[Excerpts from a dataset]
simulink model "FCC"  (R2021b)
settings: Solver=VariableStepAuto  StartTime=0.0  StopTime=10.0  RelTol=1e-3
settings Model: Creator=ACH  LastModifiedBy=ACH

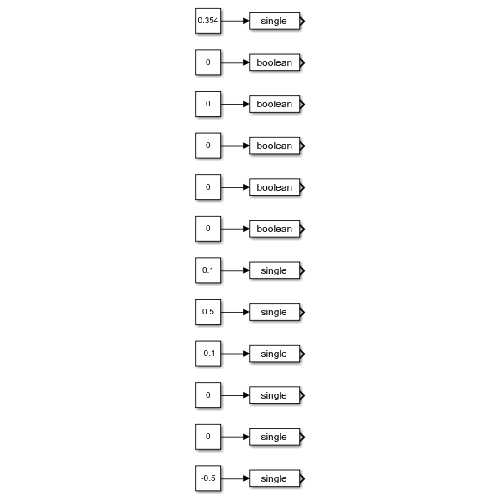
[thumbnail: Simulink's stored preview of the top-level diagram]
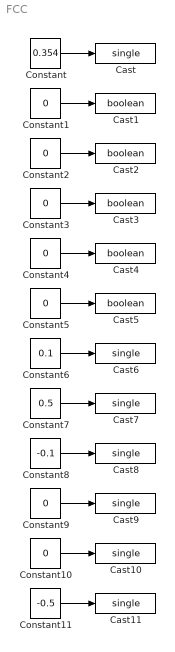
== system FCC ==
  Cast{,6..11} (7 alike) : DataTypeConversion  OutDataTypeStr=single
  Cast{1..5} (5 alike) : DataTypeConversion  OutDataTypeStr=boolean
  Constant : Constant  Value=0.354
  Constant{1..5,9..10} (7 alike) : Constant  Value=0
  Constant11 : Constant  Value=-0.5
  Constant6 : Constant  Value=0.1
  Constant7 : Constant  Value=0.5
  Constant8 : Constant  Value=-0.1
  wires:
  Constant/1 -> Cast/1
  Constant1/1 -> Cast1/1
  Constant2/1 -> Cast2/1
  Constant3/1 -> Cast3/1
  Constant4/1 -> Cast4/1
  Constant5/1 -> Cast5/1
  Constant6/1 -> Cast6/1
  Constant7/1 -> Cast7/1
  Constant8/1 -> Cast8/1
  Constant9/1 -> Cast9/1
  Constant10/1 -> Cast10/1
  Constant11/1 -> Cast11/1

# TASK STATEMENT:
Your copy must match the records above word for word and contain no pictures.

# THE ANSWER:
simulink model "FCC"  (R2021b)
settings: Solver=VariableStepAuto  StartTime=0.0  StopTime=10.0  RelTol=1e-3
settings Model: Creator=ACH  LastModifiedBy=ACH

[thumbnail: Simulink's stored preview of the top-level diagram]
== system FCC ==
  Cast{,6..11} (7 alike) : DataTypeConversion  OutDataTypeStr=single
  Cast{1..5} (5 alike) : DataTypeConversion  OutDataTypeStr=boolean
  Constant : Constant  Value=0.354
  Constant{1..5,9..10} (7 alike) : Constant  Value=0
  Constant11 : Constant  Value=-0.5
  Constant6 : Constant  Value=0.1
  Constant7 : Constant  Value=0.5
  Constant8 : Constant  Value=-0.1
  wires:
  Constant/1 -> Cast/1
  Constant1/1 -> Cast1/1
  Constant2/1 -> Cast2/1
  Constant3/1 -> Cast3/1
  Constant4/1 -> Cast4/1
  Constant5/1 -> Cast5/1
  Constant6/1 -> Cast6/1
  Constant7/1 -> Cast7/1
  Constant8/1 -> Cast8/1
  Constant9/1 -> Cast9/1
  Constant10/1 -> Cast10/1
  Constant11/1 -> Cast11/1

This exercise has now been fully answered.